In [1]:
import findspark

In [2]:
findspark.init()

In [3]:
import pyspark

In [4]:
sc = pyspark.SparkContext(appName = "A2")

In [6]:
from pyspark.sql import SparkSession
from pyspark.sql import Row
import os

# Initialize a Spark session
spark = SparkSession.builder \
    .appName("ReadAppendTextFile") \
    .getOrCreate()

# Step 1: Define the input file
input_file = r"D:\Data Science\abc.txt"

# Step 2: Read existing data from the text file
df = spark.read.text(input_file)

# Step 3: Show the original data
print("Original Data:")
df.show(truncate=False)

# Step 4: Add a new line to the DataFrame
new_line = "This is a new line added to the text file."  
new_row = spark.createDataFrame([Row(value=new_line)])

# Combine the original DataFrame with the new row
updated_df = df.union(new_row)

# Step 5: Collect the updated DataFrame back to Python
updated_lines = updated_df.select("value").rdd.flatMap(lambda x: x).collect()
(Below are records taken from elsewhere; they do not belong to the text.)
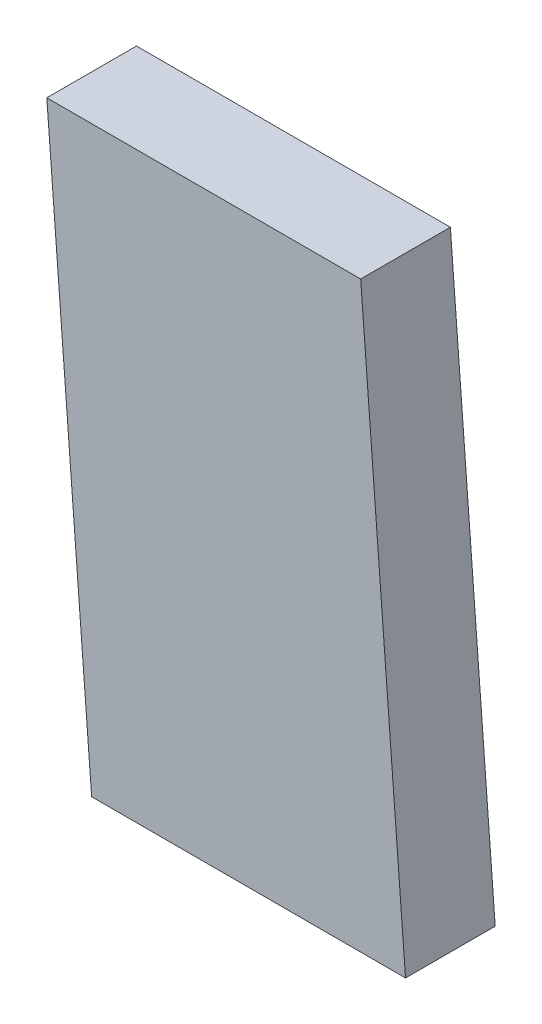
from build123d import *

# Parameters (mm, degrees)
BOSS_EXTRUDE1_DEPTH = 20


with BuildPart() as part:
    # Sketch1 → Boss-Extrude1 (new body)
    with BuildSketch(Plane.XY):
        Polygon((4500, 450), (4490, 580), (4560, 580), (4570, 450), align=None)
    extrude(amount=BOSS_EXTRUDE1_DEPTH)


solid = part.part
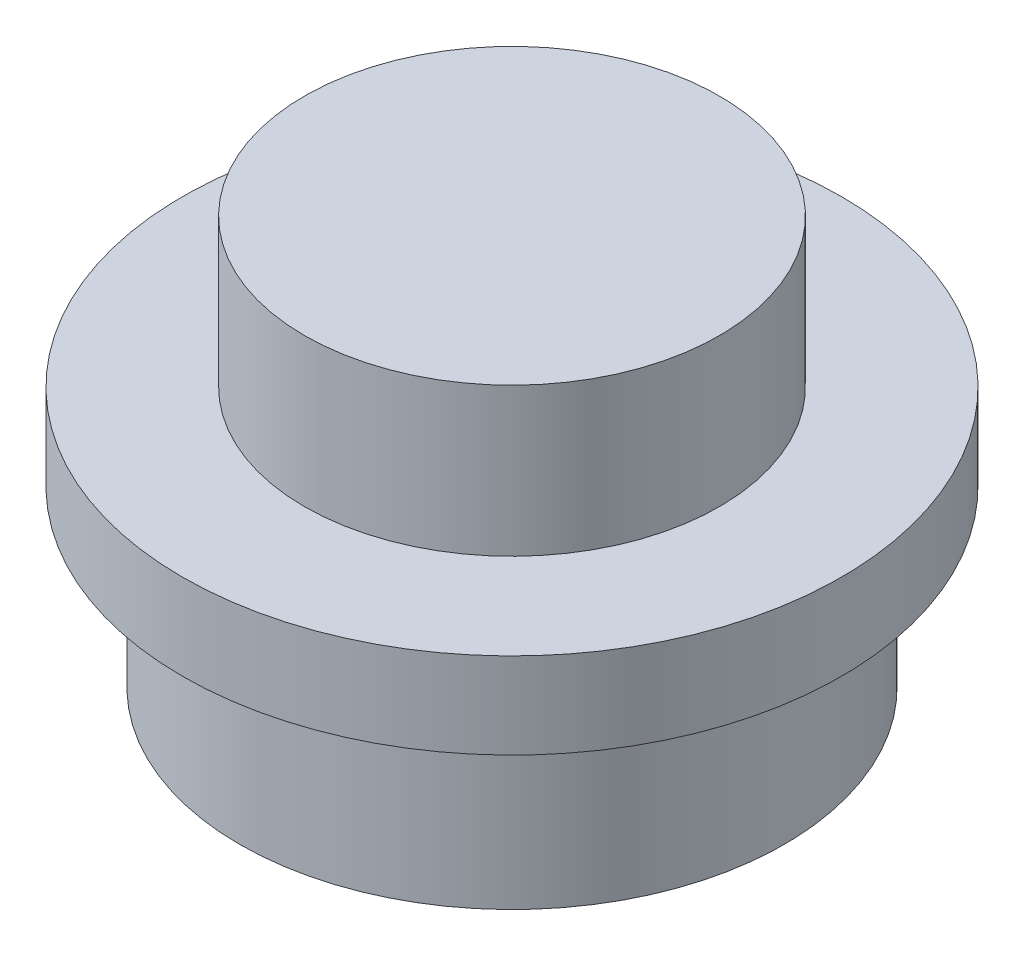
from build123d import *


with BuildPart() as part:
    # Sketch5 → Revolve1 (revolve)
    with BuildSketch(Plane.XY, mode=Mode.PRIVATE) as revolve1_sk:
        Polygon((0, 2.78), (2.465, 2.78), (2.465, 1.02), (3.915, 1.02), (3.915, 0), (3.235, 0), (3.235, -2.07), (2.445, -2.07), (2.445, 0), (1.345, 0), (1.345, 1.8), (0, 1.8), align=None)
    revolve(revolve1_sk.sketch.rotate(Axis((0, 3.061538462, 0), (0, -1, 0)), 90), axis=Axis((0, 3.061538462, 0), (0, -1, 0)))


solid = part.part

# Step 6: Write the updated data back to the same text file using Python file handling
with open(input_file, 'w') as f:
    for line in updated_lines:
        f.write(line + '\n')

# Show the updated data
print("Updated Data:")
for line in updated_lines:
    print(line)

# Stop the Spark session
spark.stop()

Original Data:
+------------------------------------------+
|value                                     |
+------------------------------------------+
|Hello, this is assignment 5.              |
|Subject : Big data                        |
|This is a new line added to the text file.|
+------------------------------------------+

Updated Data:
Hello, this is assignment 5.
Subject : Big data
This is a new line added to the text file.
This is a new line added to the text file.


In [9]:
#Q2. Design a script in pyspark to count total words in a given doc. Also print unique words in it

from pyspark.sql.functions import explode, split, col

# Initialize a Spark session
spark = SparkSession.builder \
    .appName("WordCount") \
    .getOrCreate()

# Step 1: Define the input file
input_file = r"D:\Data Science\abc.txt"

# Step 2: Read the text file
df = spark.read.text(input_file)

# Step 3: Split each line into words and explode to get a word per row
words_df = df.select(explode(split(col("value"), "\s+")).alias("word"))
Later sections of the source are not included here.